Ich habe mich zum Zeichnen für das entschieden, was wohl einmal so etwas wie die Hofseite gewesen sein muss – für einen wirklichen Hof ist der Bergsporn eigentlich zu schmal. Das leuchtend orange Wandstück ist eine Farbprobe, ansonsten ergeben unterschiedliche Grade von Verfall und Vernagelung eine breite Palette an braun und grau, ergänzt durch die schon frisch gedeckten Schieferdächer.


Die letzten ihrer Art

Vier alte Herren beim Skat im Schlossberg-Hotel in Schwarzburg. Wasserfarbe und PITT-Pens in Stillman&Birn Beta.

Vier alte Herren beim Skat im Schlossberg-Hotel in Schwarzburg. Wasserfarbe und PITT-Pens in Stillman&Birn Beta.

Dieses Bild ist das einzige, was ich gleich vor Ort fertigstellen konnte – ich saß ja auch warm und gemütlich auf einem 100 Jahre alten Hotelsofa im Hotel „Schlossberg“ im Schwarzburg. („Setzen Sie sich ruhig auf das Kissen, sonst sinken Sie so tief ein.“)

Schwarzburg, etwas oberhalb von Rudolstadt im Schwarzatal gelegen, war im 19.Jh. ein beliebter Urlaubsort, und in den fetten Jahren vor dem ersten Weltkrieg entstanden dort wahre Hotelpaläste, in Fachwerk und Schindeln gekleidete Schönheiten mit Türmchen und Erkerchen und Buntglasfenstern.

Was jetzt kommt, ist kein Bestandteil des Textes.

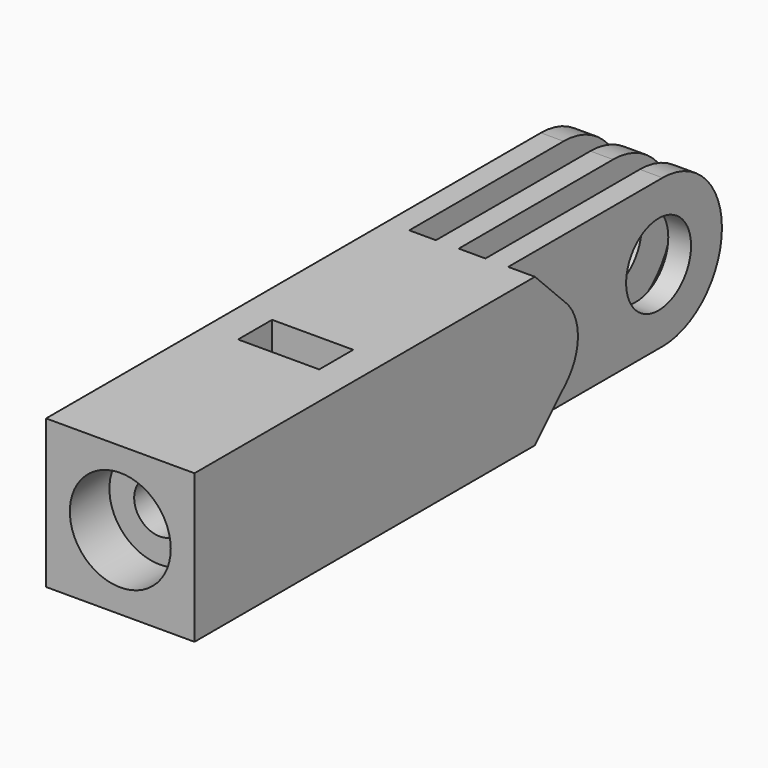
from build123d import *

# Parameters (mm, degrees)
F1_DEPTH       = 15
F3_D           = 5.2
F3_DEPTH       = 30
F3_CBORE_D     = 10.2
F3_CBORE_DEPTH = 5
F3_TIP         = 1.5622376095
F4_W           = 8.2
F4_H           = 4.3
F5_DEPTH       = 12.4
F6_R           = 4.1
F7_DEPTH       = 25
F8_R           = 7.5
F9_R           = 7.5
F10_R          = 7.49999
F11_SIZE       = 11
F12_T1_DEPTH   = 2.7
F12_T3_DEPTH   = 2.7
F12_T5_DEPTH   = 30.9885128676
F12_T10_DEPTH  = 59.2770257353
F12_T15_DEPTH  = 59.2770257353
F12_T21_DEPTH  = 59.2770257353
F12_T26_DEPTH  = 59.2770257353
F12_T32_DEPTH  = 59.2770257353
F12_T38_DEPTH  = 59.2770257353
F13_R          = 5


# Not quite as in the source:
# - a fillet or chamfer that OpenCascade refuses, or shapes differently, is made with other operations: its cross-section is extruded or revolved along the edge and cut away or added
# - a fillet or chamfer is up to 0.001 mm smaller than in the source, because OpenCascade refuses the exact size


with BuildPart() as f1:
    # F0 (on Top) → F1 (new body)
    with BuildSketch(Plane.XY):
        Polygon((-7.0407824647, 62.3018580846), (-7.0407824647, -7.6981419154), (7.9592175353, -7.6981419154), (7.9592175353, 46.3018580846), (5.2592175353, 46.3018580846), (5.2592175353, 62.3018580846), (2.9592175353, 62.3018580846), (2.9592175353, 46.3018580846), (0.2592175353, 46.3018580846), (0.2592175353, 62.3018580846), (-2.0407824647, 62.3018580846), (-2.0407824647, 46.3018580846), (-4.7407824647, 46.3018580846), (-4.7407824647, 62.3018580846), align=None)
    extrude(amount=F1_DEPTH)

    # F3
    with Locations(Plane.XZ.offset(7.6981419154)):
        with Locations((0.4592175353, 7.5)):
            CounterBoreHole(F3_D / 2, F3_CBORE_D / 2, F3_CBORE_DEPTH, depth=F3_DEPTH)
            with Locations((0, 0, -(F3_DEPTH + F3_TIP / 2))):  # 118° drill point
                Cone(0, F3_D / 2, F3_TIP, mode=Mode.SUBTRACT)

    # F4 (on face) → F5 (cut)
    with BuildSketch(Plane.XY.offset(15)):
        with Locations((0.4592175353, 14.4518580846)):
            Rectangle(F4_W, F4_H)
    extrude(amount=-F5_DEPTH, mode=Mode.SUBTRACT)

    # F6 (on face) → F7 (cut)
    with BuildSketch(Plane.YZ.offset(5.2592175353)):
        with Locations((54.3018580846, 7.5)):
            Circle(F6_R)
    extrude(amount=-F7_DEPTH, mode=Mode.SUBTRACT)

    # F8
    f8_edges = [f1.edges().sort_by_distance(p)[0] for p in [
        (-5.890782, 62.301858, 0),
    ]]
    fillet(f8_edges, radius=F8_R)

    # F9
    f9_edges = [f1.edges().sort_by_distance(p)[0] for p in [
        (-0.890782, 62.301858, 0),
        (4.109218, 62.301858, 0),
    ]]
    fillet(f9_edges, radius=F9_R)

    # F10 (radius 7.5 in the source; OpenCascade refuses exactly that, so slightly less here)
    f10_edges = [f1.edges().sort_by_distance(p)[0] for p in [
        (-5.890782, 62.301858, 15),
        (-0.890782, 62.301858, 15),
        (4.109218, 62.301858, 15),
    ]]
    fillet(f10_edges, radius=F10_R)

    # F11
    f11_edges = [f1.edges().sort_by_distance(p)[0] for p in [
        (-3.390782, 46.301858, 15),
        (1.609218, 46.301858, 15),
        (6.609218, 46.301858, 15),
    ]]
    chamfer(f11_edges, length=F11_SIZE)

    # F12: chamfer of 11 on 3 edges, made by hand

    # F12_s2 → F12_t1 (cut)
    with BuildSketch(Plane.YZ.offset(-4.7407824647)):
        Polygon((46.3018580846, 11), (35.3018580846, 0), (46.3018580846, 0), align=None)
    extrude(amount=F12_T1_DEPTH, mode=Mode.SUBTRACT)

    # F12_s4 → F12_t3 (cut)
    with BuildSketch(Plane.YZ.offset(0.2592175353)):
        Polygon((35.3018580846, 0), (46.3018580846, 11), (46.3018580846, 0), align=None)
    extrude(amount=F12_T3_DEPTH, mode=Mode.SUBTRACT)

    # F12_s6 → F12_t5 (cut)
    with BuildSketch(Plane.YZ.offset(5.2592175353)):
        Polygon((35.3018580846, 0), (46.3018580846, 11), (46.3018580846, 0), align=None)
    extrude(amount=F12_T5_DEPTH, mode=Mode.SUBTRACT)


with BuildPart() as f12_tool8:
    # F12_s9 → F12_t10 (new body)
    with BuildSketch(Plane.YZ.offset(26.247730403)):
        Polygon((46.3018580846, 11), (35.3018580846, 0), (46.3018580846, 0), align=None)
    extrude(amount=-F12_T10_DEPTH)

    split(bisect_by=Plane.YZ.offset(5.2592175353), keep=Keep.TOP)


with BuildPart() as f1_1:
    add(f1.part)

    # F12_t7: cut F12_tool8
    add(f12_tool8.part, mode=Mode.SUBTRACT)


with BuildPart() as f12_tool13:
    # F12_s14 → F12_t15 (new body)
    with BuildSketch(Plane.YZ.offset(26.247730403)):
        Polygon((46.3018580846, 11), (35.3018580846, 0), (46.3018580846, 0), align=None)
    extrude(amount=-F12_T15_DEPTH)

    split(bisect_by=Plane.YZ.offset(0.2592175353), keep=Keep.TOP)

    split(bisect_by=Plane.YZ.offset(2.9592175353), keep=Keep.BOTTOM)


with BuildPart() as f1_2:
    add(f1_1.part)

    # F12_t12: cut F12_tool13
    add(f12_tool13.part, mode=Mode.SUBTRACT)


with BuildPart() as f12_tool19:
    # F12_s20 → F12_t21 (new body)
    with BuildSketch(Plane.YZ.offset(31.247730403)):
        Polygon((35.3018580846, 0), (46.3018580846, 11), (46.3018580846, 0), align=None)
    extrude(amount=-F12_T21_DEPTH)

    split(bisect_by=Plane.YZ.offset(5.2592175353), keep=Keep.TOP)


with BuildPart() as f1_3:
    add(f1_2.part)

    # F12_t18: cut F12_tool19
    add(f12_tool19.part, mode=Mode.SUBTRACT)


with BuildPart() as f12_tool24:
    # F12_s25 → F12_t26 (new body)
    with BuildSketch(Plane.YZ.offset(31.247730403)):
        Polygon((35.3018580846, 0), (46.3018580846, 11), (46.3018580846, 0), align=None)
    extrude(amount=-F12_T26_DEPTH)

    split(bisect_by=Plane.YZ.offset(-2.0407824647), keep=Keep.BOTTOM)

    split(bisect_by=Plane.YZ.offset(-4.7407824647), keep=Keep.TOP)


with BuildPart() as f1_4:
    add(f1_3.part)

    # F12_t23: cut F12_tool24
    add(f12_tool24.part, mode=Mode.SUBTRACT)


with BuildPart() as f12_tool30:
    # F12_s31 → F12_t32 (new body)
    with BuildSketch(Plane.YZ.offset(36.247730403)):
        Polygon((35.3018580846, 0), (46.3018580846, 11), (46.3018580846, 0), align=None)
    extrude(amount=-F12_T32_DEPTH)

    split(bisect_by=Plane.YZ.offset(0.2592175353), keep=Keep.TOP)

    split(bisect_by=Plane.YZ.offset(2.9592175353), keep=Keep.BOTTOM)


with BuildPart() as f1_5:
    add(f1_4.part)

    # F12_t29: cut F12_tool30
    add(f12_tool30.part, mode=Mode.SUBTRACT)


with BuildPart() as f12_tool36:
    # F12_s37 → F12_t38 (new body)
    with BuildSketch(Plane.YZ.offset(36.247730403)):
        Polygon((35.3018580846, 0), (46.3018580846, 11), (46.3018580846, 0), align=None)
    extrude(amount=-F12_T38_DEPTH)

    split(bisect_by=Plane.YZ.offset(-2.0407824647), keep=Keep.BOTTOM)

    split(bisect_by=Plane.YZ.offset(-4.7407824647), keep=Keep.TOP)


with BuildPart() as f1_6:
    add(f1_5.part)

    # F12_t35: cut F12_tool36
    add(f12_tool36.part, mode=Mode.SUBTRACT)

    # F13
    f13_edges = [f1_6.edges().sort_by_distance(p)[0] for p in [
        (1.609218, 42.801858, 7.5),
        (6.609218, 42.801858, 7.5),
        (-3.390782, 42.801858, 7.5),
    ]]
    fillet(f13_edges, radius=F13_R)


solid = f1_6.part

Da die Zeitläufte ihnen gnädig waren, stehen die meisten bis heute unverändert, allerdings oft genug vernagelt und unsaniert.

Das Hotel „Schlossberg“, in das es mich verschlagen hatte, wird von dem mittlerweile über 70jährigen Inhaberpaar allein geführt. Die Zimmer sind ein auf DDR-Standard, das mag vermutlich nicht jeder, doch das gesamte Ambiente, die hervorragende Hausmannskost und vor allem die tiefe Herzlichkeit der beiden alten Leute gehören zu den Erlebnissen, um derentwillen sich eine solche Fußwanderung lohnt.

Während ich beim Mittagessen saß, trafen vier alte Herren zur Skatrunde ein – vielleicht waren sie einmal Apotheker, Oberförster und Hauptbuchhalter gewesen, jedenfalls schienen sie ebenso die letzten ihrer Art wie das Inhaberpaar zu sein.